Polda Jatim Ungkap 320 Kasus Kejahatan Jalanan Selama Mei 2026, 319 Tersangka DitangkapDari hasil operasi selama bulan Mei 2026, Polda Jatim berhasil mengungkap 320 kasus dan mengamankan 319 tersangka yang terlibat dalam berbagai tindak pidana

Polda Jatim Ungkap 320 Kasus Kejahatan Jalanan Selama Mei 2026, 319 Tersangka Ditangkap

Surabaya,- Polda Jawa Timur terus menunjukkan komitmennya dalam menjaga keamanan dan ketertiban masyarakat. Sepanjang bulan Mei 2026, Ditreskrimum Polda Jatim bersama Satreskrim Polres jajaran berhasil mengungkap 320 kasus kejahatan jalanan yang meresahkan masyarakat.

Kapolda Jatim Irjen Pol Nanang Avianto mengatakan, pengungkapan kasus dilakukan secara intensif dan berkelanjutan melalui Satgas Unit Reaksi Cepat yang dibentuk untuk menindak berbagai bentuk kriminalitas, khususnya kejahatan 3C yakni pencurian dengan kekerasan (curas), pencurian dengan pemberatan (curat), dan pencurian kendaraan bermotor (curanmor).

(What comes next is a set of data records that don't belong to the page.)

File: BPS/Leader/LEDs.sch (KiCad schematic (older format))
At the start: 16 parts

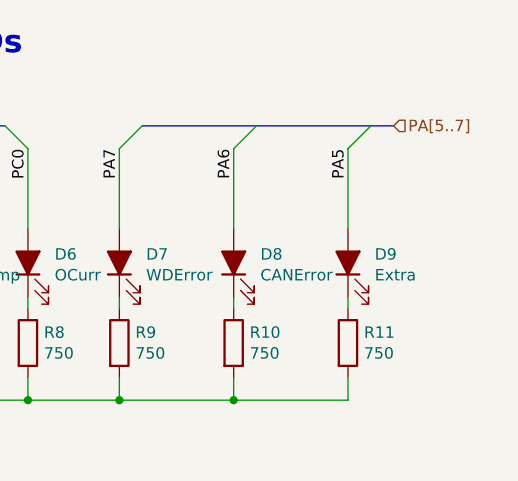
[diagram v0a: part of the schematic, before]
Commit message: Places most components of leader board in their respective locations with nothing traced
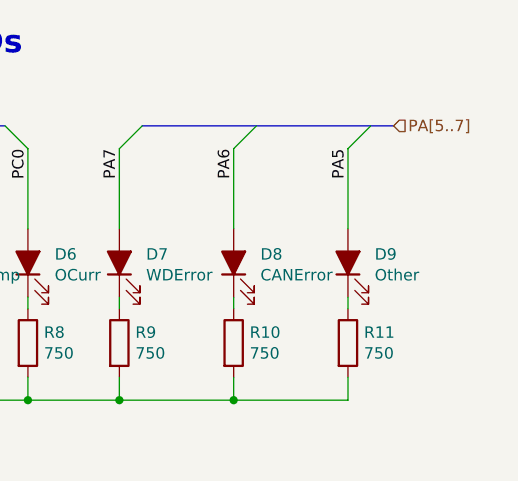
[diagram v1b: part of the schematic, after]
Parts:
- D9: value Extra -> Other
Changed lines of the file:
@@
 P 6300 3100
 F 0 "D9" V 6338 2983 50  0000 R CNN
-F 1 "Extra" V 6247 2983 50  0000 R CNN
+F 1 "Other" V 6247 2983 50  0000 R CNN
 F 2 "LED_SMD:LED_0805_2012Metric" H 6300 3100 50  0001 C CNN
 F 3 "~" H 6300 3100 50  0001 C CNN

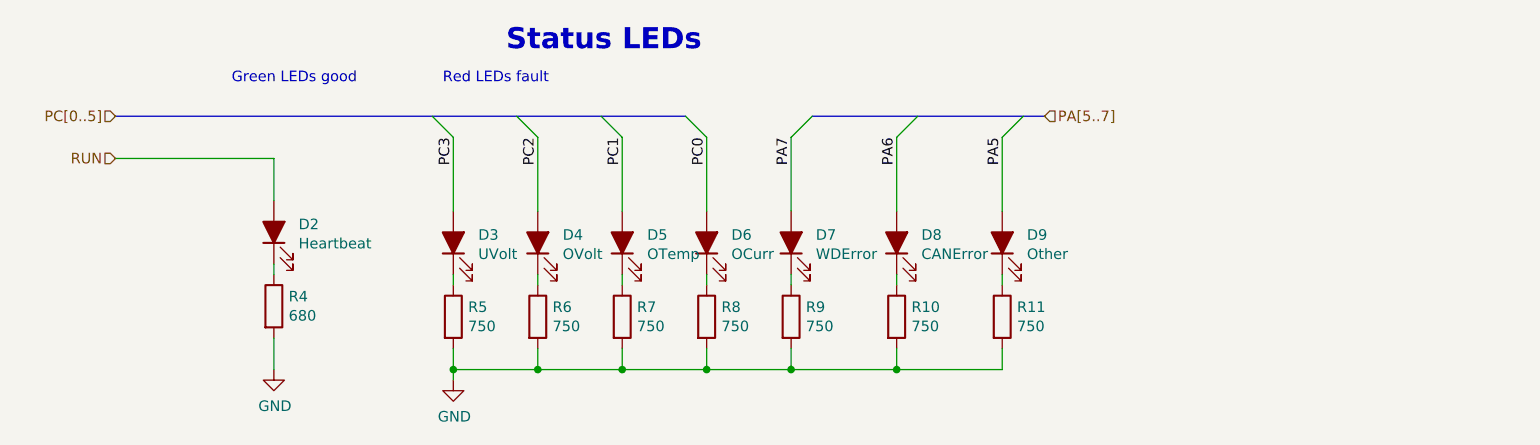
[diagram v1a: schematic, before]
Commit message: Adds power planes
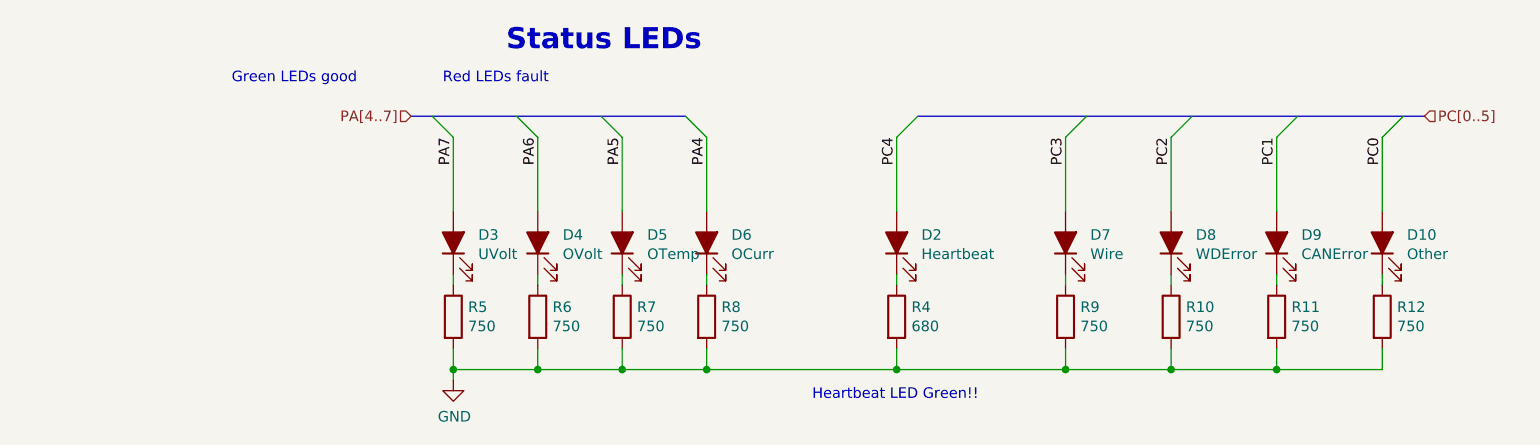
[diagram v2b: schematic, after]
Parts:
- added D10: Other, LED_SMD:LED_0805_2012Metric, symbol Device:LED_ALT
- added R12: 750, Resistor_SMD:R_0805_2012Metric, symbol Device:R
- D7: value WDError -> Wire
- D8: value CANError -> WDError
- D9: value Other -> CANError
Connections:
- net GND: now also R12.2
- net PA5: now also D5.2 (A); no longer D9.2 (A)
- net PA6: now also D4.2 (A); no longer D8.2 (A)
- net PA7: now also D3.2 (A); no longer D7.2 (A)
- net PC0: now also D10.2 (A); no longer D6.2 (A)
- net PC1: now also D9.2 (A); no longer D5.2 (A)
- net PC2: now also D8.2 (A); no longer D4.2 (A)
- net PC3: now also D7.2 (A); no longer D3.2 (A)
- net RUN renamed PC4
- new net: D10.1 (K), R12.1
- new net PA4: D6.2 (A)
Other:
- note added: "Heartbeat LED Green!!"
- moved on the sheet: D2, D7, D8, D9, R10, R11, R4, R9
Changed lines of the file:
@@
 Comment4 ""
 $EndDescr
-Text HLabel 2100 2500 0    50   Input ~ 0
+Text HLabel 8300 2500 2    50   Input ~ 0
 PC[0..5]
 $Comp
 L Device:LED_ALT D2
 U 1 1 5C3C069F
-P 2850 3050
-F 0 "D2" V 2888 2933 50  0000 R CNN
-F 1 "Heartbeat" V 2797 2933 50  0000 R CNN
-F 2 "LED_SMD:LED_0805_2012Metric" H 2850 3050 50  0001 C CNN
-F 3 "~" H 2850 3050 50  0001 C CNN
-F 4 "Green" V 2850 3050 50  0001 C CNN "Color"
-F 5 "APTD2012LCGCK" V 2850 3050 50  0001 C CNN "P/N"
-	1    2850 3050
+P 5800 3100
+F 0 "D2" V 5838 2983 50  0000 R CNN
+F 1 "Heartbeat" V 5747 2983 50  0000 R CNN
+F 2 "LED_SMD:LED_0805_2012Metric" H 5800 3100 50  0001 C CNN
+F 3 "~" H 5800 3100 50  0001 C CNN
+F 4 "Green" V 5800 3100 50  0001 C CNN "Color"
+F 5 "APTD2012LCGCK" V 5800 3100 50  0001 C CNN "P/N"
+	1    5800 3100
 	0    -1   -1   0
 $EndComp
@@
 	0    -1   -1   0
 $EndComp
-$Comp
-L power:GND #PWR033
-U 1 1 5C3C06CA
-P 2850 3700
-F 0 "#PWR033" H 2850 3450 50  0001 C CNN
-F 1 "GND" H 2855 3527 50  0000 C CNN
-F 2 "" H 2850 3700 50  0001 C CNN
-F 3 "" H 2850 3700 50  0001 C CNN
-	1    2850 3700
-	1    0    0    -1
-$EndComp
 Wire Wire Line
 	4900 3700 4900 3600
@@
 L Device:R R4
 U 1 1 5C3C06D9
-P 2850 3400
-F 0 "R4" H 2920 3446 50  0000 L CNN
-F 1 "680" H 2920 3355 50  0000 L CNN
-F 2 "Resistor_SMD:R_0805_2012Metric" V 2780 3400 50  0001 C CNN
-F 3 "~" H 2850 3400 50  0001 C CNN
-	1    2850 3400
+P 5800 3450
+F 0 "R4" H 5870 3496 50  0000 L CNN
+F 1 "680" H 5870 3405 50  0000 L CNN
+F 2 "Resistor_SMD:R_0805_2012Metric" V 5730 3450 50  0001 C CNN
+F 3 "~" H 5800 3450 50  0001 C CNN
+	1    5800 3450
 	1    0    0    -1
 $EndComp
@@
 	3700 3250 3700 3300
 Wire Wire Line
-	2850 3200 2850 3250
-Wire Wire Line
-	3700 2950 3700 2600
-Wire Wire Line
-	4100 2950 4100 2600
-Wire Wire Line
-	4500 2950 4500 2600
-Wire Wire Line
-	4900 2950 4900 2600
-Text Label 3700 2600 3    50   ~ 0
+	5800 3250 5800 3300
+Wire Wire Line
+	8100 2950 8100 2600
+Wire Wire Line
+	7600 2950 7600 2600
+Wire Wire Line
+	7100 2950 7100 2600
+Wire Wire Line
+	6600 2950 6600 2600
+Text Label 6600 2600 3    50   ~ 0
 PC3
-Text Label 4100 2600 3    50   ~ 0
+Text Label 7100 2600 3    50   ~ 0
 PC2
-Text Label 4500 2600 3    50   ~ 0
+Text Label 7600 2600 3    50   ~ 0
 PC1
-Text Label 4900 2600 3    50   ~ 0
+Text Label 8100 2600 3    50   ~ 0
 PC0
 Connection ~ 3700 3700
 Text Notes 2650 2350 0    50   ~ 0
 Green LEDs good
-$Comp
-L Device:LED_ALT D7
-U 1 1 5C3C070F
-P 5300 3100
-F 0 "D7" V 5338 2983 50  0000 R CNN
-F 1 "WDError" V 5247 2983 50  0000 R CNN
-F 2 "LED_SMD:LED_0805_2012Metric" H 5300 3100 50  0001 C CNN
-F 3 "~" H 5300 3100 50  0001 C CNN
-F 4 "Red" V 5300 3100 50  0001 C CNN "Color"
-F 5 "APTD2012LSURCK" V 5300 3100 50  0001 C CNN "P/N"
-	1    5300 3100
-	0    -1   -1   0
-$EndComp
-Wire Wire Line
-	5300 3700 5300 3600
-Wire Wire Line
-	4900 3700 5300 3700
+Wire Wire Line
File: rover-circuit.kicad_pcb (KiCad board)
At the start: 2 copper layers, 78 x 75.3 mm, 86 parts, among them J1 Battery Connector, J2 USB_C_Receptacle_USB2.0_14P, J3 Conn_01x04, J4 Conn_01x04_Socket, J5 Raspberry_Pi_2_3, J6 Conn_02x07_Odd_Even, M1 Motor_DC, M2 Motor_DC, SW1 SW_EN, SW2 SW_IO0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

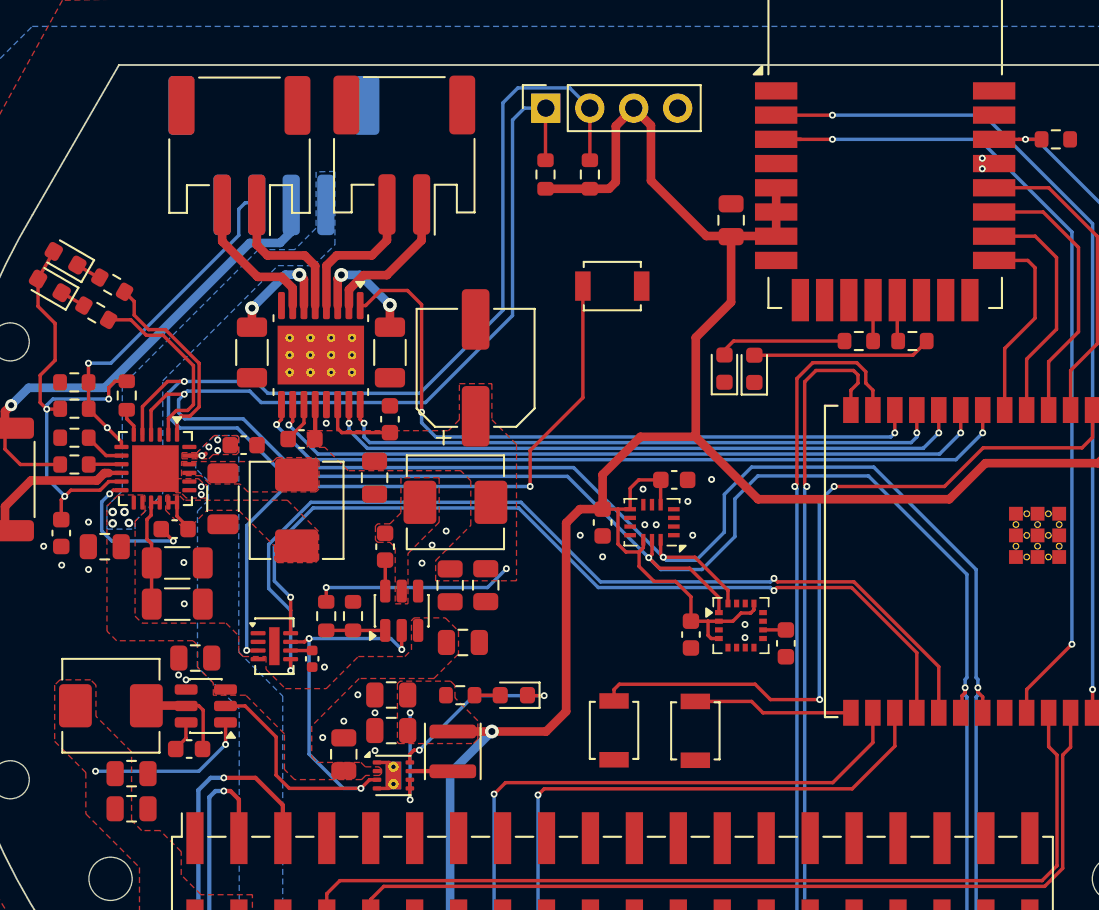
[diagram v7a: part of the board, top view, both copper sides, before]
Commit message: improved routing
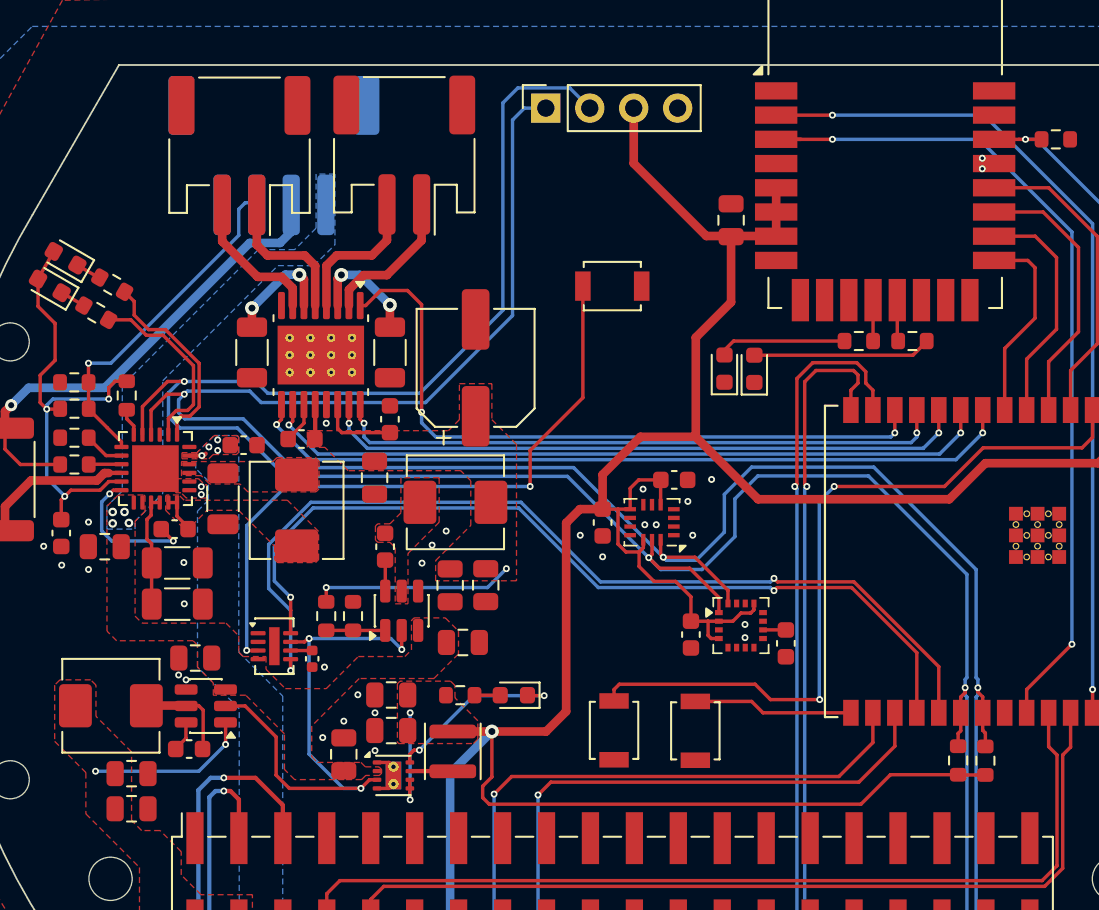
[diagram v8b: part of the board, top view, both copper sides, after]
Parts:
- moved R16 42.4 mm to (178.8, 97.5)
- moved R17 40.0 mm to (177.2, 97.5)
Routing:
- net +3V3: track 174.2 -> 199.3 mm
- net /Battery Recharger/SCL: track 161.9 -> 160.9 mm
- net /Battery Recharger/SDA: track 157.9 -> 156.9 mm
- net /Battery Recharger/TS: vias 2 -> 1

"Dari hasil operasi selama bulan Mei 2026, kami berhasil mengungkap 320 kasus dan mengamankan 319 tersangka yang terlibat dalam berbagai tindak pidana," ujar Irjen Pol Nanang Avianto.

Dari total kasus yang berhasil diungkap, sebanyak 219 kasus merupakan tindak pencurian, 3 kasus premanisme, 6 kasus pemerasan, 35 kasus pengeroyokan, 46 kasus penganiayaan, serta 11 kasus kepemilikan senjata api, senjata tajam, dan bahan peledak.

Selain menangkap para pelaku, polisi juga menyita sejumlah barang bukti berupa uang tunai ratusan juta rupiah, 12 unit mobil, 100 unit sepeda motor, 72 barang elektronik, 10 gram emas, 25 senjata tajam, 8 butir amunisi, serta satu pucuk senjata api.

Kapolda Jatim menyebutkan bahwa Polres Malang, Polrestabes Surabaya, dan Polres Pelabuhan Tanjung Perak menjadi wilayah dengan jumlah pengungkapan kasus terbanyak selama periode Mei 2026.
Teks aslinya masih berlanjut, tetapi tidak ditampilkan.